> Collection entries

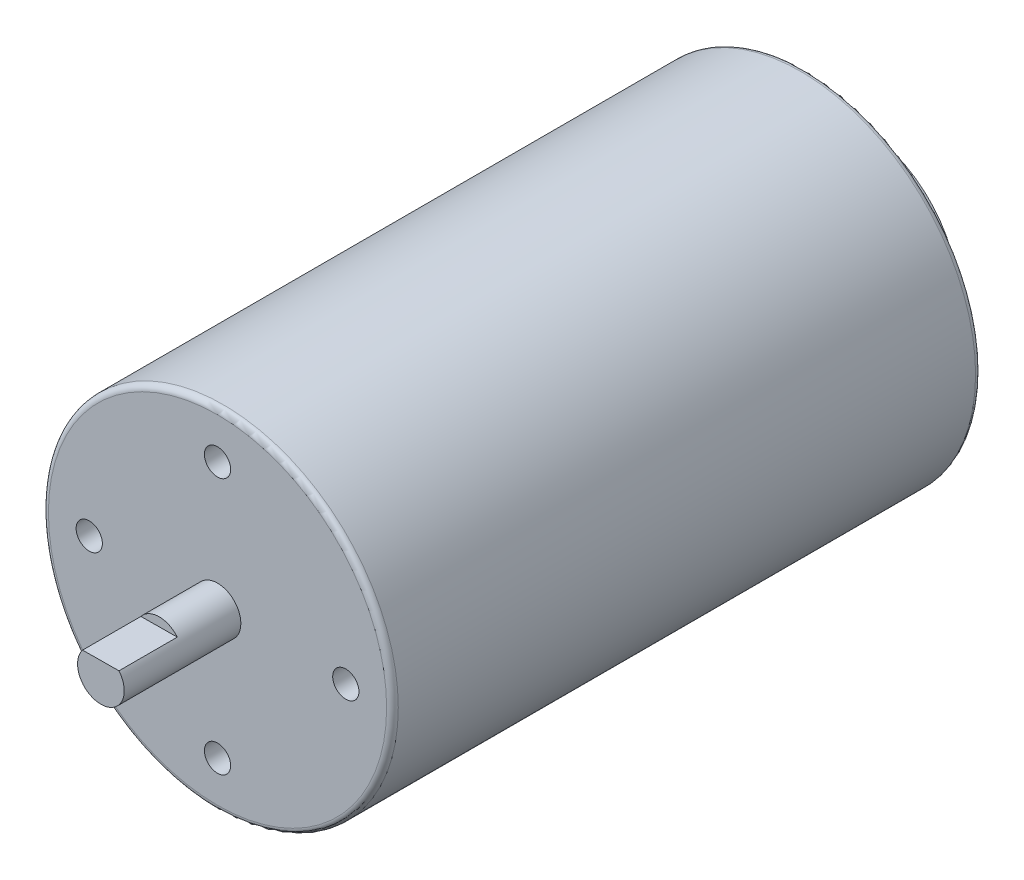
ISO-10303-21;
HEADER;
FILE_DESCRIPTION(('STEP AP214'),'2;1');
FILE_NAME('part.step','',(''),(''),'','','');
FILE_SCHEMA(('AUTOMOTIVE_DESIGN { 1 0 10303 214 1 1 1 1 }'));
ENDSEC;
DATA;
#1=APPLICATION_CONTEXT('core data for automotive mechanical design processes');
#2=APPLICATION_PROTOCOL_DEFINITION('international standard','automotive_design',2000,#1);
#3=PRODUCT_CONTEXT('',#1,'mechanical');
#4=PRODUCT('Part','Part','',(#3));
#5=PRODUCT_RELATED_PRODUCT_CATEGORY('part','',(#4));
#6=PRODUCT_DEFINITION_FORMATION('','',#4);
#7=PRODUCT_DEFINITION_CONTEXT('part definition',#1,'design');
#8=PRODUCT_DEFINITION('design','',#6,#7);
#9=PRODUCT_DEFINITION_SHAPE('','',#8);
#10=(LENGTH_UNIT() NAMED_UNIT(*) SI_UNIT(.MILLI.,.METRE.));
#11=(NAMED_UNIT(*) PLANE_ANGLE_UNIT() SI_UNIT($,.RADIAN.));
#12=(NAMED_UNIT(*) SI_UNIT($,.STERADIAN.) SOLID_ANGLE_UNIT());
#13=UNCERTAINTY_MEASURE_WITH_UNIT(LENGTH_MEASURE(1.E-05),#10,'distance_accuracy_value','');
#14=(GEOMETRIC_REPRESENTATION_CONTEXT(3) GLOBAL_UNCERTAINTY_ASSIGNED_CONTEXT((#13)) GLOBAL_UNIT_ASSIGNED_CONTEXT((#10,
#11,#12)) REPRESENTATION_CONTEXT('',''));
#15=CARTESIAN_POINT('',(0.,0.,0.));
#16=DIRECTION('',(0.,0.,1.));
#17=DIRECTION('',(1.,0.,0.));
#18=AXIS2_PLACEMENT_3D('',#15,#16,#17);
#19=CARTESIAN_POINT('',(0.,0.,101.));
#20=DIRECTION('',(0.,0.,-1.));
#21=DIRECTION('',(-1.,0.,0.));
#22=AXIS2_PLACEMENT_3D('',#19,#20,#21);
#23=CYLINDRICAL_SURFACE('',#22,30.);
#24=CARTESIAN_POINT('',(0.,0.,1.));
#25=DIRECTION('',(0.,0.,1.));
#26=DIRECTION('',(1.,0.,0.));
#27=AXIS2_PLACEMENT_3D('',#24,#25,#26);
#28=CIRCLE('',#27,30.);
#29=CARTESIAN_POINT('',(30.,0.,1.));
#30=VERTEX_POINT('',#29);
#31=EDGE_CURVE('E85',#30,#30,#28,.T.);
#32=ORIENTED_EDGE('',*,*,#31,.T.);
#33=EDGE_LOOP('',(#32));
#34=FACE_BOUND('',#33,.T.);
#35=CARTESIAN_POINT('',(0.,0.,100.));
#36=DIRECTION('',(0.,0.,1.));
#37=DIRECTION('',(1.,0.,0.));
#38=AXIS2_PLACEMENT_3D('',#35,#36,#37);
#39=CIRCLE('',#38,30.);
#40=CARTESIAN_POINT('',(30.,0.,100.));
#41=VERTEX_POINT('',#40);
#42=EDGE_CURVE('E82',#41,#41,#39,.F.);
#43=ORIENTED_EDGE('',*,*,#42,.T.);
#44=EDGE_LOOP('',(#43));
#45=FACE_BOUND('',#44,.T.);
#46=ADVANCED_FACE('F40',(#34,#45),#23,.T.);
#47=CARTESIAN_POINT('',(0.,0.,101.));
#48=DIRECTION('',(0.,0.,1.));
#49=DIRECTION('',(1.,0.,0.));
#50=AXIS2_PLACEMENT_3D('',#47,#48,#49);
#51=PLANE('',#50);
#52=CARTESIAN_POINT('',(0.,22.,101.));
#53=DIRECTION('',(0.,0.,1.));
#54=DIRECTION('',(1.,0.,0.));
#55=AXIS2_PLACEMENT_3D('',#52,#53,#54);
#56=CIRCLE('',#55,2.25);
#57=CARTESIAN_POINT('',(2.25,22.,101.));
#58=VERTEX_POINT('',#57);
#59=EDGE_CURVE('E201',#58,#58,#56,.T.);
#60=ORIENTED_EDGE('',*,*,#59,.F.);
#61=EDGE_LOOP('',(#60));
#62=FACE_BOUND('',#61,.T.);
#63=CARTESIAN_POINT('',(22.,0.,101.));
#64=DIRECTION('',(0.,0.,1.));
#65=DIRECTION('',(1.,0.,0.));
#66=AXIS2_PLACEMENT_3D('',#63,#64,#65);
#67=CIRCLE('',#66,2.25);
#68=CARTESIAN_POINT('',(24.25,0.,101.));
#69=VERTEX_POINT('',#68);
#70=EDGE_CURVE('E204',#69,#69,#67,.T.);
#71=ORIENTED_EDGE('',*,*,#70,.F.);
#72=EDGE_LOOP('',(#71));
#73=FACE_BOUND('',#72,.T.);
#74=CARTESIAN_POINT('',(-1.53625178909098E-13,-22.,101.));
#75=DIRECTION('',(0.,0.,1.));
#76=DIRECTION('',(1.,0.,0.));
#77=AXIS2_PLACEMENT_3D('',#74,#75,#76);
#78=CIRCLE('',#77,2.25);
#79=CARTESIAN_POINT('',(2.24999999999985,-22.,101.));
#80=VERTEX_POINT('',#79);
#81=EDGE_CURVE('E210',#80,#80,#78,.T.);
#82=ORIENTED_EDGE('',*,*,#81,.F.);
#83=EDGE_LOOP('',(#82));
#84=FACE_BOUND('',#83,.T.);
#85=CARTESIAN_POINT('',(-22.,2.30437768363647E-13,101.));
#86=DIRECTION('',(0.,0.,1.));
#87=DIRECTION('',(1.,0.,0.));
#88=AXIS2_PLACEMENT_3D('',#85,#86,#87);
#89=CIRCLE('',#88,2.25);
#90=CARTESIAN_POINT('',(-19.75,2.30437768363647E-13,101.));
#91=VERTEX_POINT('',#90);
#92=EDGE_CURVE('E216',#91,#91,#89,.T.);
#93=ORIENTED_EDGE('',*,*,#92,.F.);
#94=EDGE_LOOP('',(#93));
#95=FACE_BOUND('',#94,.T.);
#96=CARTESIAN_POINT('',(0.,0.,101.));
#97=DIRECTION('',(0.,0.,1.));
#98=DIRECTION('',(1.,0.,0.));
#99=AXIS2_PLACEMENT_3D('',#96,#97,#98);
#100=CIRCLE('',#99,29.);
#101=CARTESIAN_POINT('',(29.,0.,101.));
#102=VERTEX_POINT('',#101);
#103=EDGE_CURVE('E48',#102,#102,#100,.T.);
#104=ORIENTED_EDGE('',*,*,#103,.T.);
#105=EDGE_LOOP('',(#104));
#106=FACE_BOUND('',#105,.T.);
#107=CARTESIAN_POINT('',(0.,0.,101.));
#108=DIRECTION('',(0.,0.,1.));
#109=DIRECTION('',(1.,0.,0.));
#110=AXIS2_PLACEMENT_3D('',#107,#108,#109);
#111=CIRCLE('',#110,4.);
#112=CARTESIAN_POINT('',(4.,0.,101.));
#113=VERTEX_POINT('',#112);
#114=EDGE_CURVE('E79',#113,#113,#111,.T.);
#115=ORIENTED_EDGE('',*,*,#114,.F.);
#116=EDGE_LOOP('',(#115));
#117=FACE_BOUND('',#116,.T.);
#118=ADVANCED_FACE('F98',(#62,#73,#84,#95,#106,#117),#51,.T.);
#119=CARTESIAN_POINT('',(0.,0.,0.));
#120=DIRECTION('',(0.,0.,1.));
#121=DIRECTION('',(1.,0.,0.));
#122=AXIS2_PLACEMENT_3D('',#119,#120,#121);
#123=PLANE('',#122);
#124=CARTESIAN_POINT('',(0.,0.,0.));
#125=DIRECTION('',(0.,0.,1.));
#126=DIRECTION('',(1.,0.,0.));
#127=AXIS2_PLACEMENT_3D('',#124,#125,#126);
#128=CIRCLE('',#127,17.);
#129=CARTESIAN_POINT('',(17.,0.,0.));
#130=VERTEX_POINT('',#129);
#131=EDGE_CURVE('E11',#130,#130,#128,.F.);
#132=ORIENTED_EDGE('',*,*,#131,.F.);
#133=EDGE_LOOP('',(#132));
#134=FACE_BOUND('',#133,.T.);
#135=CARTESIAN_POINT('',(0.,0.,0.));
#136=DIRECTION('',(0.,0.,1.));
#137=DIRECTION('',(1.,0.,0.));
#138=AXIS2_PLACEMENT_3D('',#135,#136,#137);
#139=CIRCLE('',#138,29.);
#140=CARTESIAN_POINT('',(29.,0.,0.));
#141=VERTEX_POINT('',#140);
#142=EDGE_CURVE('E93',#141,#141,#139,.F.);
#143=ORIENTED_EDGE('',*,*,#142,.T.);
#144=EDGE_LOOP('',(#143));
#145=FACE_BOUND('',#144,.T.);
#146=ADVANCED_FACE('F123',(#134,#145),#123,.F.);
#147=CARTESIAN_POINT('',(0.,0.,121.));
#148=DIRECTION('',(0.,0.,-1.));
#149=DIRECTION('',(-1.,0.,0.));
#150=AXIS2_PLACEMENT_3D('',#147,#148,#149);
#151=CYLINDRICAL_SURFACE('',#150,4.);
#152=CARTESIAN_POINT('',(0.,0.,121.));
#153=DIRECTION('',(0.,0.,1.));
#154=DIRECTION('',(1.,0.,0.));
#155=AXIS2_PLACEMENT_3D('',#152,#153,#154);
#156=CIRCLE('',#155,4.);
#157=CARTESIAN_POINT('',(-3.14267715093951,2.4745868998608,121.));
#158=VERTEX_POINT('',#157);
#159=CARTESIAN_POINT('',(3.10198141091228,2.5254131001392,121.));
#160=VERTEX_POINT('',#159);
#161=EDGE_CURVE('E78',#158,#160,#156,.T.);
#162=ORIENTED_EDGE('',*,*,#161,.F.);
#163=DIRECTION('',(0.,0.,1.));
#164=VECTOR('',#163,1.);
#165=CARTESIAN_POINT('',(-3.14267715093951,2.4745868998608,111.));
#166=LINE('',#165,#164);
#167=CARTESIAN_POINT('',(-3.14267715093951,2.4745868998608,111.));
#168=VERTEX_POINT('',#167);
#169=EDGE_CURVE('E55',#168,#158,#166,.T.);
#170=ORIENTED_EDGE('',*,*,#169,.F.);
#171=CARTESIAN_POINT('',(0.,0.,111.));
#172=DIRECTION('',(0.,0.,1.));
#173=DIRECTION('',(-1.,0.,0.));
#174=AXIS2_PLACEMENT_3D('',#171,#172,#173);
#175=CIRCLE('',#174,4.);
#176=CARTESIAN_POINT('',(3.10198141091228,2.5254131001392,111.));
#177=VERTEX_POINT('',#176);
#178=EDGE_CURVE('E71',#177,#168,#175,.T.);
#179=ORIENTED_EDGE('',*,*,#178,.F.);
#180=DIRECTION('',(0.,0.,1.));
#181=VECTOR('',#180,1.);
#182=CARTESIAN_POINT('',(3.10198141091228,2.5254131001392,111.));
#183=LINE('',#182,#181);
#184=EDGE_CURVE('E61',#177,#160,#183,.T.);
#185=ORIENTED_EDGE('',*,*,#184,.T.);
#186=EDGE_LOOP('',(#162,#170,#179,#185));
#187=FACE_BOUND('',#186,.T.);
#188=ORIENTED_EDGE('',*,*,#114,.T.);
#189=EDGE_LOOP('',(#188));
#190=FACE_BOUND('',#189,.T.);
#191=ADVANCED_FACE('F76',(#187,#190),#151,.T.);
#192=CARTESIAN_POINT('',(0.,0.,121.));
#193=DIRECTION('',(0.,0.,1.));
#194=DIRECTION('',(1.,0.,0.));
#195=AXIS2_PLACEMENT_3D('',#192,#193,#194);
#196=PLANE('',#195);
#197=DIRECTION('',(0.999966878780468,0.00813887842693932,0.));
#198=VECTOR('',#197,1.);
#199=CARTESIAN_POINT('',(-3.14267715093951,2.4745868998608,121.));
#200=LINE('',#199,#198);
#201=EDGE_CURVE('E66',#158,#160,#200,.T.);
#202=ORIENTED_EDGE('',*,*,#201,.F.);
#203=ORIENTED_EDGE('',*,*,#161,.T.);
#204=EDGE_LOOP('',(#202,#203));
#205=FACE_BOUND('',#204,.T.);
#206=ADVANCED_FACE('F81',(#205),#196,.T.);
#207=CARTESIAN_POINT('',(-3.14267715093951,2.4745868998608,111.));
#208=DIRECTION('',(0.00813887842693933,-0.999966878780468,0.));
#209=DIRECTION('',(0.999966878780468,0.00813887842693933,0.));
#210=AXIS2_PLACEMENT_3D('',#207,#208,#209);
#211=PLANE('',#210);
#212=ORIENTED_EDGE('',*,*,#201,.T.);
#213=ORIENTED_EDGE('',*,*,#184,.F.);
#214=DIRECTION('',(0.999966878780468,0.00813887842693932,0.));
#215=VECTOR('',#214,1.);
#216=CARTESIAN_POINT('',(-3.14267715093951,2.4745868998608,111.));
#217=LINE('',#216,#215);
#218=EDGE_CURVE('E224',#168,#177,#217,.T.);
#219=ORIENTED_EDGE('',*,*,#218,.F.);
#220=ORIENTED_EDGE('',*,*,#169,.T.);
#221=EDGE_LOOP('',(#212,#213,#219,#220));
#222=FACE_BOUND('',#221,.T.);
#223=ADVANCED_FACE('F67',(#222),#211,.F.);
#224=CARTESIAN_POINT('',(0.,0.,111.));
#225=DIRECTION('',(0.,0.,-1.));
#226=DIRECTION('',(-1.,0.,0.));
#227=AXIS2_PLACEMENT_3D('',#224,#225,#226);
#228=PLANE('',#227);
#229=ORIENTED_EDGE('',*,*,#178,.T.);
#230=ORIENTED_EDGE('',*,*,#218,.T.);
#231=EDGE_LOOP('',(#229,#230));
#232=FACE_BOUND('',#231,.T.);
#233=ADVANCED_FACE('F113',(#232),#228,.F.);
#234=CARTESIAN_POINT('',(0.,0.,1.));
#235=DIRECTION('',(0.,0.,1.));
#236=DIRECTION('',(1.,0.,0.));
#237=AXIS2_PLACEMENT_3D('',#234,#235,#236);
#238=TOROIDAL_SURFACE('',#237,29.,1.);
#239=ORIENTED_EDGE('',*,*,#142,.F.);
#240=EDGE_LOOP('',(#239));
#241=FACE_BOUND('',#240,.T.);
#242=ORIENTED_EDGE('',*,*,#31,.F.);
#243=EDGE_LOOP('',(#242));
#244=FACE_BOUND('',#243,.T.);
#245=ADVANCED_FACE('F103',(#241,#244),#238,.T.);
#246=CARTESIAN_POINT('',(0.,0.,100.));
#247=DIRECTION('',(0.,0.,1.));
#248=DIRECTION('',(1.,0.,0.));
#249=AXIS2_PLACEMENT_3D('',#246,#247,#248);
#250=TOROIDAL_SURFACE('',#249,29.,1.);
#251=ORIENTED_EDGE('',*,*,#42,.F.);
#252=EDGE_LOOP('',(#251));
#253=FACE_BOUND('',#252,.T.);
#254=ORIENTED_EDGE('',*,*,#103,.F.);
#255=EDGE_LOOP('',(#254));
#256=FACE_BOUND('',#255,.T.);
#257=ADVANCED_FACE('F42',(#253,#256),#250,.T.);
#258=CARTESIAN_POINT('',(0.,0.,-9.));
#259=DIRECTION('',(0.,0.,1.));
#260=DIRECTION('',(1.,0.,0.));
#261=AXIS2_PLACEMENT_3D('',#258,#259,#260);
#262=CYLINDRICAL_SURFACE('',#261,17.);
#263=CARTESIAN_POINT('',(0.,0.,-9.));
#264=DIRECTION('',(0.,0.,-1.));
#265=DIRECTION('',(-1.,0.,0.));
#266=AXIS2_PLACEMENT_3D('',#263,#264,#265);
#267=CIRCLE('',#266,17.);
#268=CARTESIAN_POINT('',(-17.,0.,-9.));
#269=VERTEX_POINT('',#268);
#270=EDGE_CURVE('E72',#269,#269,#267,.T.);
#271=ORIENTED_EDGE('',*,*,#270,.F.);
#272=EDGE_LOOP('',(#271));
#273=FACE_BOUND('',#272,.T.);
#274=ORIENTED_EDGE('',*,*,#131,.T.);
#275=EDGE_LOOP('',(#274));
#276=FACE_BOUND('',#275,.T.);
#277=ADVANCED_FACE('F102',(#273,#276),#262,.T.);
#278=CARTESIAN_POINT('',(0.,0.,-9.));
#279=DIRECTION('',(0.,0.,-1.));
#280=DIRECTION('',(-1.,0.,0.));
#281=AXIS2_PLACEMENT_3D('',#278,#279,#280);
#282=PLANE('',#281);
#283=ORIENTED_EDGE('',*,*,#270,.T.);
#284=EDGE_LOOP('',(#283));
#285=FACE_BOUND('',#284,.T.);
#286=ADVANCED_FACE('F110',(#285),#282,.T.);
#287=CARTESIAN_POINT('',(-22.,2.30437768363647E-13,92.));
#288=DIRECTION('',(0.,0.,1.));
#289=DIRECTION('',(1.,0.,0.));
#290=AXIS2_PLACEMENT_3D('',#287,#288,#289);
#291=CYLINDRICAL_SURFACE('',#290,2.25);
#292=CARTESIAN_POINT('',(-22.,2.30437768363647E-13,92.));
#293=DIRECTION('',(0.,0.,1.));
#294=DIRECTION('',(1.,0.,0.));
#295=AXIS2_PLACEMENT_3D('',#292,#293,#294);
#296=CIRCLE('',#295,2.25);
#297=CARTESIAN_POINT('',(-19.75,2.30437768363647E-13,92.));
#298=VERTEX_POINT('',#297);
#299=EDGE_CURVE('E195',#298,#298,#296,.T.);
#300=ORIENTED_EDGE('',*,*,#299,.F.);
#301=EDGE_LOOP('',(#300));
#302=FACE_BOUND('',#301,.T.);
#303=ORIENTED_EDGE('',*,*,#92,.T.);
#304=EDGE_LOOP('',(#303));
#305=FACE_BOUND('',#304,.T.);
#306=ADVANCED_FACE('F140',(#302,#305),#291,.F.);
#307=CARTESIAN_POINT('',(-22.,2.30437768363647E-13,92.));
#308=DIRECTION('',(0.,0.,1.));
#309=DIRECTION('',(1.,0.,0.));
#310=AXIS2_PLACEMENT_3D('',#307,#308,#309);
#311=PLANE('',#310);
#312=ORIENTED_EDGE('',*,*,#299,.T.);
#313=EDGE_LOOP('',(#312));
#314=FACE_BOUND('',#313,.T.);
#315=ADVANCED_FACE('F142',(#314),#311,.T.);
#316=CARTESIAN_POINT('',(-1.53625178909098E-13,-22.,92.));
#317=DIRECTION('',(0.,0.,1.));
#318=DIRECTION('',(1.,0.,0.));
#319=AXIS2_PLACEMENT_3D('',#316,#317,#318);
#320=CYLINDRICAL_SURFACE('',#319,2.25);
#321=CARTESIAN_POINT('',(-1.53625178909098E-13,-22.,92.));
#322=DIRECTION('',(0.,0.,1.));
#323=DIRECTION('',(1.,0.,0.));
#324=AXIS2_PLACEMENT_3D('',#321,#322,#323);
#325=CIRCLE('',#324,2.25);
#326=CARTESIAN_POINT('',(2.24999999999985,-22.,92.));
#327=VERTEX_POINT('',#326);
#328=EDGE_CURVE('E213',#327,#327,#325,.T.);
#329=ORIENTED_EDGE('',*,*,#328,.F.);
#330=EDGE_LOOP('',(#329));
#331=FACE_BOUND('',#330,.T.);
#332=ORIENTED_EDGE('',*,*,#81,.T.);
#333=EDGE_LOOP('',(#332));
#334=FACE_BOUND('',#333,.T.);
#335=ADVANCED_FACE('F145',(#331,#334),#320,.F.);
#336=CARTESIAN_POINT('',(-1.53625178909098E-13,-22.,92.));
#337=DIRECTION('',(0.,0.,1.));
#338=DIRECTION('',(1.,0.,0.));
#339=AXIS2_PLACEMENT_3D('',#336,#337,#338);
#340=PLANE('',#339);
#341=ORIENTED_EDGE('',*,*,#328,.T.);
#342=EDGE_LOOP('',(#341));
#343=FACE_BOUND('',#342,.T.);
#344=ADVANCED_FACE('F150',(#343),#340,.T.);
#345=CARTESIAN_POINT('',(22.,0.,92.));
#346=DIRECTION('',(0.,0.,1.));
#347=DIRECTION('',(1.,0.,0.));
#348=AXIS2_PLACEMENT_3D('',#345,#346,#347);
#349=CYLINDRICAL_SURFACE('',#348,2.25);
#350=CARTESIAN_POINT('',(22.,0.,92.));
#351=DIRECTION('',(0.,0.,1.));
#352=DIRECTION('',(1.,0.,0.));
#353=AXIS2_PLACEMENT_3D('',#350,#351,#352);
#354=CIRCLE('',#353,2.25);
#355=CARTESIAN_POINT('',(24.25,0.,92.));
#356=VERTEX_POINT('',#355);
#357=EDGE_CURVE('E207',#356,#356,#354,.T.);
#358=ORIENTED_EDGE('',*,*,#357,.F.);
#359=EDGE_LOOP('',(#358));
#360=FACE_BOUND('',#359,.T.);
#361=ORIENTED_EDGE('',*,*,#70,.T.);
#362=EDGE_LOOP('',(#361));
#363=FACE_BOUND('',#362,.T.);
#364=ADVANCED_FACE('F153',(#360,#363),#349,.F.);
#365=CARTESIAN_POINT('',(22.,0.,92.));
#366=DIRECTION('',(0.,0.,1.));
#367=DIRECTION('',(1.,0.,0.));
#368=AXIS2_PLACEMENT_3D('',#365,#366,#367);
#369=PLANE('',#368);
#370=ORIENTED_EDGE('',*,*,#357,.T.);
#371=EDGE_LOOP('',(#370));
#372=FACE_BOUND('',#371,.T.);
#373=ADVANCED_FACE('F158',(#372),#369,.T.);
#374=CARTESIAN_POINT('',(0.,22.,92.));
#375=DIRECTION('',(0.,0.,1.));
#376=DIRECTION('',(1.,0.,0.));
#377=AXIS2_PLACEMENT_3D('',#374,#375,#376);
#378=CYLINDRICAL_SURFACE('',#377,2.25);
#379=CARTESIAN_POINT('',(0.,22.,92.));
#380=DIRECTION('',(0.,0.,1.));
#381=DIRECTION('',(1.,0.,0.));
#382=AXIS2_PLACEMENT_3D('',#379,#380,#381);
#383=CIRCLE('',#382,2.25);
#384=CARTESIAN_POINT('',(2.25,22.,92.));
#385=VERTEX_POINT('',#384);
#386=EDGE_CURVE('E198',#385,#385,#383,.T.);
#387=ORIENTED_EDGE('',*,*,#386,.F.);
#388=EDGE_LOOP('',(#387));
#389=FACE_BOUND('',#388,.T.);
#390=ORIENTED_EDGE('',*,*,#59,.T.);
#391=EDGE_LOOP('',(#390));
#392=FACE_BOUND('',#391,.T.);
#393=ADVANCED_FACE('F161',(#389,#392),#378,.F.);
#394=CARTESIAN_POINT('',(0.,22.,92.));
#395=DIRECTION('',(0.,0.,1.));
#396=DIRECTION('',(1.,0.,0.));
#397=AXIS2_PLACEMENT_3D('',#394,#395,#396);
#398=PLANE('',#397);
#399=ORIENTED_EDGE('',*,*,#386,.T.);
#400=EDGE_LOOP('',(#399));
#401=FACE_BOUND('',#400,.T.);
#402=ADVANCED_FACE('F168',(#401),#398,.T.);
#403=CLOSED_SHELL('',(#46,#118,#146,#191,#206,#223,#233,#245,#257,#277,#286,#306,#315,#335,#344,
#364,#373,#393,#402));
#404=CARTESIAN_POINT('',(0.,0.,90.));
#405=DIRECTION('',(0.,0.,1.));
#406=DIRECTION('',(0.,-1.,0.));
#407=AXIS2_PLACEMENT_3D('',#404,#405,#406);
#408=CYLINDRICAL_SURFACE('',#407,20.);
#409=CARTESIAN_POINT('',(0.,0.,11.));
#410=DIRECTION('',(0.,0.,1.));
#411=DIRECTION('',(0.,-1.,0.));
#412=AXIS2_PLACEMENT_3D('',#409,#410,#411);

> Assigned task
If a line falls between the first line of the records above and the line containing "#31=EDGE_CURVE('E85',#30,#30,#28,.T.);", inclusive, retype it exactly; leave pictures out.

> Result of the task
ISO-10303-21;
HEADER;
FILE_DESCRIPTION(('STEP AP214'),'2;1');
FILE_NAME('part.step','',(''),(''),'','','');
FILE_SCHEMA(('AUTOMOTIVE_DESIGN { 1 0 10303 214 1 1 1 1 }'));
ENDSEC;
DATA;
#1=APPLICATION_CONTEXT('core data for automotive mechanical design processes');
#2=APPLICATION_PROTOCOL_DEFINITION('international standard','automotive_design',2000,#1);
#3=PRODUCT_CONTEXT('',#1,'mechanical');
#4=PRODUCT('Part','Part','',(#3));
#5=PRODUCT_RELATED_PRODUCT_CATEGORY('part','',(#4));
#6=PRODUCT_DEFINITION_FORMATION('','',#4);
#7=PRODUCT_DEFINITION_CONTEXT('part definition',#1,'design');
#8=PRODUCT_DEFINITION('design','',#6,#7);
#9=PRODUCT_DEFINITION_SHAPE('','',#8);
#10=(LENGTH_UNIT() NAMED_UNIT(*) SI_UNIT(.MILLI.,.METRE.));
#11=(NAMED_UNIT(*) PLANE_ANGLE_UNIT() SI_UNIT($,.RADIAN.));
#12=(NAMED_UNIT(*) SI_UNIT($,.STERADIAN.) SOLID_ANGLE_UNIT());
#13=UNCERTAINTY_MEASURE_WITH_UNIT(LENGTH_MEASURE(1.E-05),#10,'distance_accuracy_value','');
#14=(GEOMETRIC_REPRESENTATION_CONTEXT(3) GLOBAL_UNCERTAINTY_ASSIGNED_CONTEXT((#13)) GLOBAL_UNIT_ASSIGNED_CONTEXT((#10,
#11,#12)) REPRESENTATION_CONTEXT('',''));
#15=CARTESIAN_POINT('',(0.,0.,0.));
#16=DIRECTION('',(0.,0.,1.));
#17=DIRECTION('',(1.,0.,0.));
#18=AXIS2_PLACEMENT_3D('',#15,#16,#17);
#19=CARTESIAN_POINT('',(0.,0.,101.));
#20=DIRECTION('',(0.,0.,-1.));
#21=DIRECTION('',(-1.,0.,0.));
#22=AXIS2_PLACEMENT_3D('',#19,#20,#21);
#23=CYLINDRICAL_SURFACE('',#22,30.);
#24=CARTESIAN_POINT('',(0.,0.,1.));
#25=DIRECTION('',(0.,0.,1.));
#26=DIRECTION('',(1.,0.,0.));
#27=AXIS2_PLACEMENT_3D('',#24,#25,#26);
#28=CIRCLE('',#27,30.);
#29=CARTESIAN_POINT('',(30.,0.,1.));
#30=VERTEX_POINT('',#29);
#31=EDGE_CURVE('E85',#30,#30,#28,.T.);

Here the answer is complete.